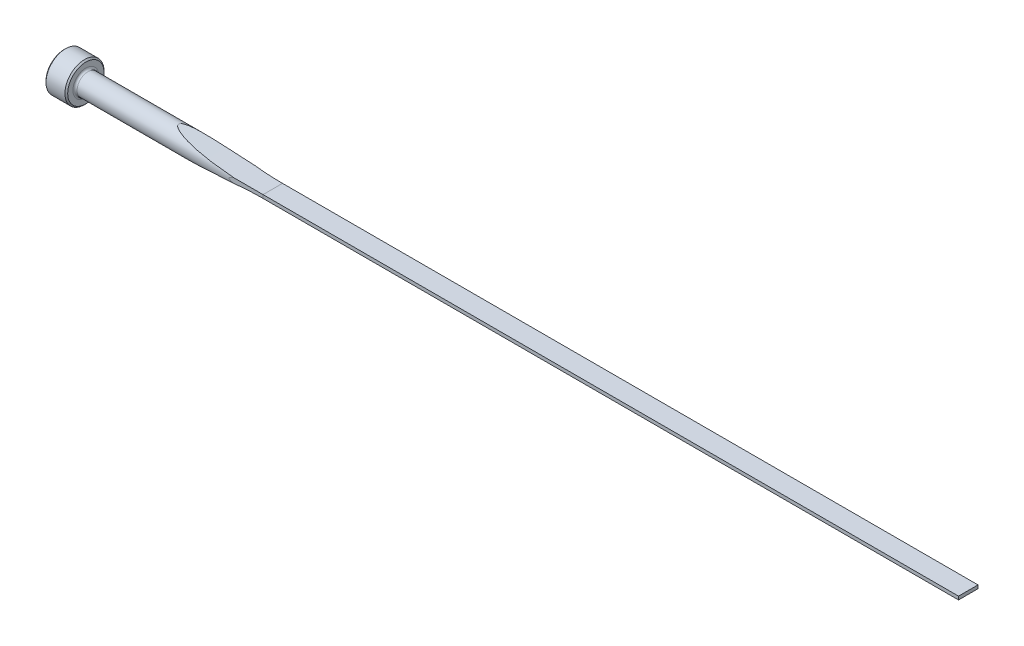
from build123d import *

# Parameters (mm, degrees)
CUT_EXTRUDE1_DEPTH = 166.177120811
CUT_EXTRUDE2_DEPTH = 166.177120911
FILLET1_R          = 0.381
CHAMFER1_SIZE      = 0.254


with BuildPart() as part:
    # Sketch1 → Revolve1 (revolve)
    with BuildSketch(Plane.XY, mode=Mode.PRIVATE) as revolve1_sk:
        Polygon((0, 0), (0, 3.5687), (3.9624, 3.5687), (3.9624, 1.9812), (165.1, 1.9812), (165.1, 0), align=None)
    revolve(revolve1_sk.sketch.rotate(Axis((0, 0, 0), (1, 0, 0)), 90), axis=Axis((0, 0, 0), (1, 0, 0)))

    # Sketch2 → Cut-Extrude1 (cut, symmetric)
    with BuildSketch(Plane.XY):
        with BuildLine():
            Line((165.1, 1.9812), (165.1, 0.3048))
            Line((165.1, 0.3048), (38.1, 0.3048))
            ThreePointArc((38.1, 0.3048), (29.467736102, 0.724892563), (20.917054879, 1.9812))
            Line((20.917054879, 1.9812), (165.1, 1.9812))
        make_face()
    cut_extrude1 = extrude(amount=CUT_EXTRUDE1_DEPTH, both=True, mode=Mode.SUBTRACT)

    # Mirror1: Cut-Extrude1 across plane
    add(cut_extrude1.mirror(Plane.ZX), mode=Mode.SUBTRACT)

    # Sketch3 → Cut-Extrude2 (cut, symmetric)
    with BuildSketch(Plane(origin=(0, 0, 0), x_dir=(1, 0, 0), z_dir=(0, 1, 0))):
        with BuildLine():
            Line((165.1, 1.9812), (165.1, 1.778))
            Line((165.1, 1.778), (38.1, 1.778))
            ThreePointArc((38.1, 1.778), (35.09463147, 1.828814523), (32.092698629, 1.9812))
            Line((32.092698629, 1.9812), (165.1, 1.9812))
        make_face()
    cut_extrude2 = extrude(amount=CUT_EXTRUDE2_DEPTH, both=True, mode=Mode.SUBTRACT)

    # Mirror2: Cut-Extrude2 across plane
    add(cut_extrude2.mirror(Plane.XY), mode=Mode.SUBTRACT)

    # Fillet1
    fillet1_edges = [part.edges().sort_by_distance(p)[0] for p in [
        (3.9624, 0, -1.9812),
    ]]
    fillet(fillet1_edges, radius=FILLET1_R)

    # Chamfer1
    chamfer1_edges = [part.edges().sort_by_distance(p)[0] for p in [
        (3.9624, 0, -3.5687),
        (0, 0, -3.5687),
    ]]
    chamfer(chamfer1_edges, length=CHAMFER1_SIZE)


solid = part.part
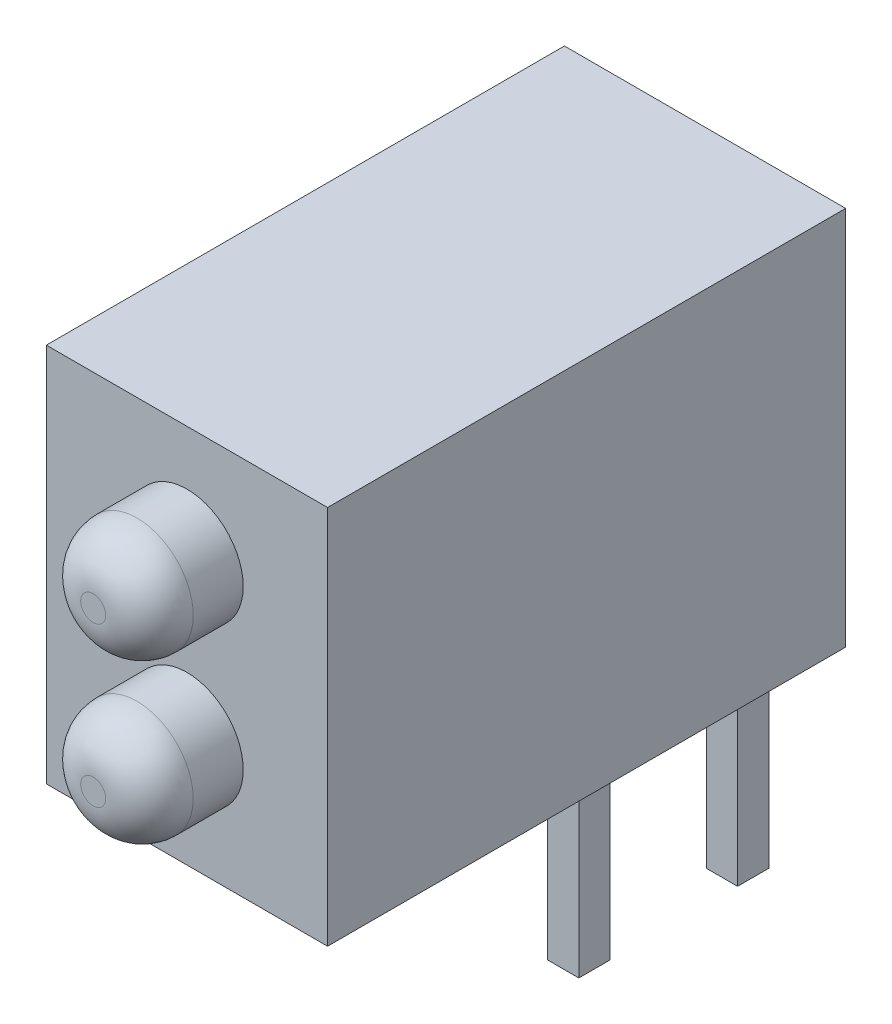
ISO-10303-21;
HEADER;
FILE_DESCRIPTION(('STEP AP214'),'2;1');
FILE_NAME('part.step','',(''),(''),'','','');
FILE_SCHEMA(('AUTOMOTIVE_DESIGN { 1 0 10303 214 1 1 1 1 }'));
ENDSEC;
DATA;
#1=APPLICATION_CONTEXT('core data for automotive mechanical design processes');
#2=APPLICATION_PROTOCOL_DEFINITION('international standard','automotive_design',2000,#1);
#3=PRODUCT_CONTEXT('',#1,'mechanical');
#4=PRODUCT('Part','Part','',(#3));
#5=PRODUCT_RELATED_PRODUCT_CATEGORY('part','',(#4));
#6=PRODUCT_DEFINITION_FORMATION('','',#4);
#7=PRODUCT_DEFINITION_CONTEXT('part definition',#1,'design');
#8=PRODUCT_DEFINITION('design','',#6,#7);
#9=PRODUCT_DEFINITION_SHAPE('','',#8);
#10=(LENGTH_UNIT() NAMED_UNIT(*) SI_UNIT(.MILLI.,.METRE.));
#11=(NAMED_UNIT(*) PLANE_ANGLE_UNIT() SI_UNIT($,.RADIAN.));
#12=(NAMED_UNIT(*) SI_UNIT($,.STERADIAN.) SOLID_ANGLE_UNIT());
#13=UNCERTAINTY_MEASURE_WITH_UNIT(LENGTH_MEASURE(1.E-05),#10,'distance_accuracy_value','');
#14=(GEOMETRIC_REPRESENTATION_CONTEXT(3) GLOBAL_UNCERTAINTY_ASSIGNED_CONTEXT((#13)) GLOBAL_UNIT_ASSIGNED_CONTEXT((#10,
#11,#12)) REPRESENTATION_CONTEXT('',''));
#15=CARTESIAN_POINT('',(0.,0.,0.));
#16=DIRECTION('',(0.,0.,1.));
#17=DIRECTION('',(1.,0.,0.));
#18=AXIS2_PLACEMENT_3D('',#15,#16,#17);
#19=CARTESIAN_POINT('',(-2.25,-3.04,-8.29));
#20=DIRECTION('',(0.,-1.,0.));
#21=DIRECTION('',(0.,0.,-1.));
#22=AXIS2_PLACEMENT_3D('',#19,#20,#21);
#23=PLANE('',#22);
#24=DIRECTION('',(-1.,0.,0.));
#25=VECTOR('',#24,1.);
#26=CARTESIAN_POINT('',(-1.52,-3.04,-4.75));
#27=LINE('',#26,#25);
#28=CARTESIAN_POINT('',(-1.02,-3.04,-4.75));
#29=VERTEX_POINT('',#28);
#30=CARTESIAN_POINT('',(-1.52,-3.04,-4.75));
#31=VERTEX_POINT('',#30);
#32=EDGE_CURVE('E198',#29,#31,#27,.T.);
#33=ORIENTED_EDGE('',*,*,#32,.F.);
#34=DIRECTION('',(0.,0.,1.));
#35=VECTOR('',#34,1.);
#36=CARTESIAN_POINT('',(-1.02,-3.04,-4.75));
#37=LINE('',#36,#35);
#38=CARTESIAN_POINT('',(-1.02,-3.04,-5.25));
#39=VERTEX_POINT('',#38);
#40=EDGE_CURVE('E195',#39,#29,#37,.T.);
#41=ORIENTED_EDGE('',*,*,#40,.F.);
#42=DIRECTION('',(1.,0.,0.));
#43=VECTOR('',#42,1.);
#44=CARTESIAN_POINT('',(-1.52,-3.04,-5.25));
#45=LINE('',#44,#43);
#46=CARTESIAN_POINT('',(-1.52,-3.04,-5.25));
#47=VERTEX_POINT('',#46);
#48=EDGE_CURVE('E207',#47,#39,#45,.T.);
#49=ORIENTED_EDGE('',*,*,#48,.F.);
#50=DIRECTION('',(0.,0.,-1.));
#51=VECTOR('',#50,1.);
#52=CARTESIAN_POINT('',(-1.52,-3.04,-4.75));
#53=LINE('',#52,#51);
#54=EDGE_CURVE('E215',#31,#47,#53,.T.);
#55=ORIENTED_EDGE('',*,*,#54,.F.);
#56=EDGE_LOOP('',(#33,#41,#49,#55));
#57=FACE_BOUND('',#56,.T.);
#58=DIRECTION('',(-1.,0.,0.));
#59=VECTOR('',#58,1.);
#60=CARTESIAN_POINT('',(-1.52,-3.04,-7.29));
#61=LINE('',#60,#59);
#62=CARTESIAN_POINT('',(-1.02,-3.04,-7.29));
#63=VERTEX_POINT('',#62);
#64=CARTESIAN_POINT('',(-1.52,-3.04,-7.29));
#65=VERTEX_POINT('',#64);
#66=EDGE_CURVE('E269',#63,#65,#61,.T.);
#67=ORIENTED_EDGE('',*,*,#66,.F.);
#68=DIRECTION('',(0.,0.,1.));
#69=VECTOR('',#68,1.);
#70=CARTESIAN_POINT('',(-1.02,-3.04,-7.29));
#71=LINE('',#70,#69);
#72=CARTESIAN_POINT('',(-1.02,-3.04,-7.79));
#73=VERTEX_POINT('',#72);
#74=EDGE_CURVE('E255',#73,#63,#71,.T.);
#75=ORIENTED_EDGE('',*,*,#74,.F.);
#76=DIRECTION('',(1.,0.,0.));
#77=VECTOR('',#76,1.);
#78=CARTESIAN_POINT('',(-1.52,-3.04,-7.79));
#79=LINE('',#78,#77);
#80=CARTESIAN_POINT('',(-1.52,-3.04,-7.79));
#81=VERTEX_POINT('',#80);
#82=EDGE_CURVE('E260',#81,#73,#79,.T.);
#83=ORIENTED_EDGE('',*,*,#82,.F.);
#84=DIRECTION('',(0.,0.,-1.));
#85=VECTOR('',#84,1.);
#86=CARTESIAN_POINT('',(-1.52,-3.04,-7.29));
#87=LINE('',#86,#85);
#88=EDGE_CURVE('E271',#65,#81,#87,.T.);
#89=ORIENTED_EDGE('',*,*,#88,.F.);
#90=EDGE_LOOP('',(#67,#75,#83,#89));
#91=FACE_BOUND('',#90,.T.);
#92=DIRECTION('',(1.,0.,0.));
#93=VECTOR('',#92,1.);
#94=CARTESIAN_POINT('',(-2.25,-3.04,0.));
#95=LINE('',#94,#93);
#96=CARTESIAN_POINT('',(-2.25,-3.04,0.));
#97=VERTEX_POINT('',#96);
#98=CARTESIAN_POINT('',(2.25,-3.04,0.));
#99=VERTEX_POINT('',#98);
#100=EDGE_CURVE('E295',#97,#99,#95,.T.);
#101=ORIENTED_EDGE('',*,*,#100,.F.);
#102=DIRECTION('',(0.,0.,1.));
#103=VECTOR('',#102,1.);
#104=CARTESIAN_POINT('',(-2.25,-3.04,-8.29));
#105=LINE('',#104,#103);
#106=CARTESIAN_POINT('',(-2.25,-3.04,-8.29));
#107=VERTEX_POINT('',#106);
#108=EDGE_CURVE('E318',#107,#97,#105,.T.);
#109=ORIENTED_EDGE('',*,*,#108,.F.);
#110=DIRECTION('',(1.,0.,0.));
#111=VECTOR('',#110,1.);
#112=CARTESIAN_POINT('',(-2.25,-3.04,-8.29));
#113=LINE('',#112,#111);
#114=CARTESIAN_POINT('',(2.25,-3.04,-8.29));
#115=VERTEX_POINT('',#114);
#116=EDGE_CURVE('E301',#107,#115,#113,.T.);
#117=ORIENTED_EDGE('',*,*,#116,.T.);
#118=DIRECTION('',(0.,0.,1.));
#119=VECTOR('',#118,1.);
#120=CARTESIAN_POINT('',(2.25,-3.04,-8.29));
#121=LINE('',#120,#119);
#122=EDGE_CURVE('E315',#115,#99,#121,.T.);
#123=ORIENTED_EDGE('',*,*,#122,.T.);
#124=EDGE_LOOP('',(#101,#109,#117,#123));
#125=FACE_BOUND('',#124,.T.);
#126=DIRECTION('',(-1.,0.,0.));
#127=VECTOR('',#126,1.);
#128=CARTESIAN_POINT('',(1.02,-3.04,-7.29));
#129=LINE('',#128,#127);
#130=CARTESIAN_POINT('',(1.52,-3.04,-7.29));
#131=VERTEX_POINT('',#130);
#132=CARTESIAN_POINT('',(1.02,-3.04,-7.29));
#133=VERTEX_POINT('',#132);
#134=EDGE_CURVE('E240',#131,#133,#129,.T.);
#135=ORIENTED_EDGE('',*,*,#134,.F.);
#136=DIRECTION('',(0.,0.,1.));
#137=VECTOR('',#136,1.);
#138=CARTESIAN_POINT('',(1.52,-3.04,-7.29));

» **Task prompt**
Please give back only the lines starting with the one that contains "#125=FACE_BOUND('',#124,.T.);" and ending with the last line of the listing, retyped exactly.

» **Written response**
#125=FACE_BOUND('',#124,.T.);
#126=DIRECTION('',(-1.,0.,0.));
#127=VECTOR('',#126,1.);
#128=CARTESIAN_POINT('',(1.02,-3.04,-7.29));
#129=LINE('',#128,#127);
#130=CARTESIAN_POINT('',(1.52,-3.04,-7.29));
#131=VERTEX_POINT('',#130);
#132=CARTESIAN_POINT('',(1.02,-3.04,-7.29));
#133=VERTEX_POINT('',#132);
#134=EDGE_CURVE('E240',#131,#133,#129,.T.);
#135=ORIENTED_EDGE('',*,*,#134,.F.);
#136=DIRECTION('',(0.,0.,1.));
#137=VECTOR('',#136,1.);
#138=CARTESIAN_POINT('',(1.52,-3.04,-7.29));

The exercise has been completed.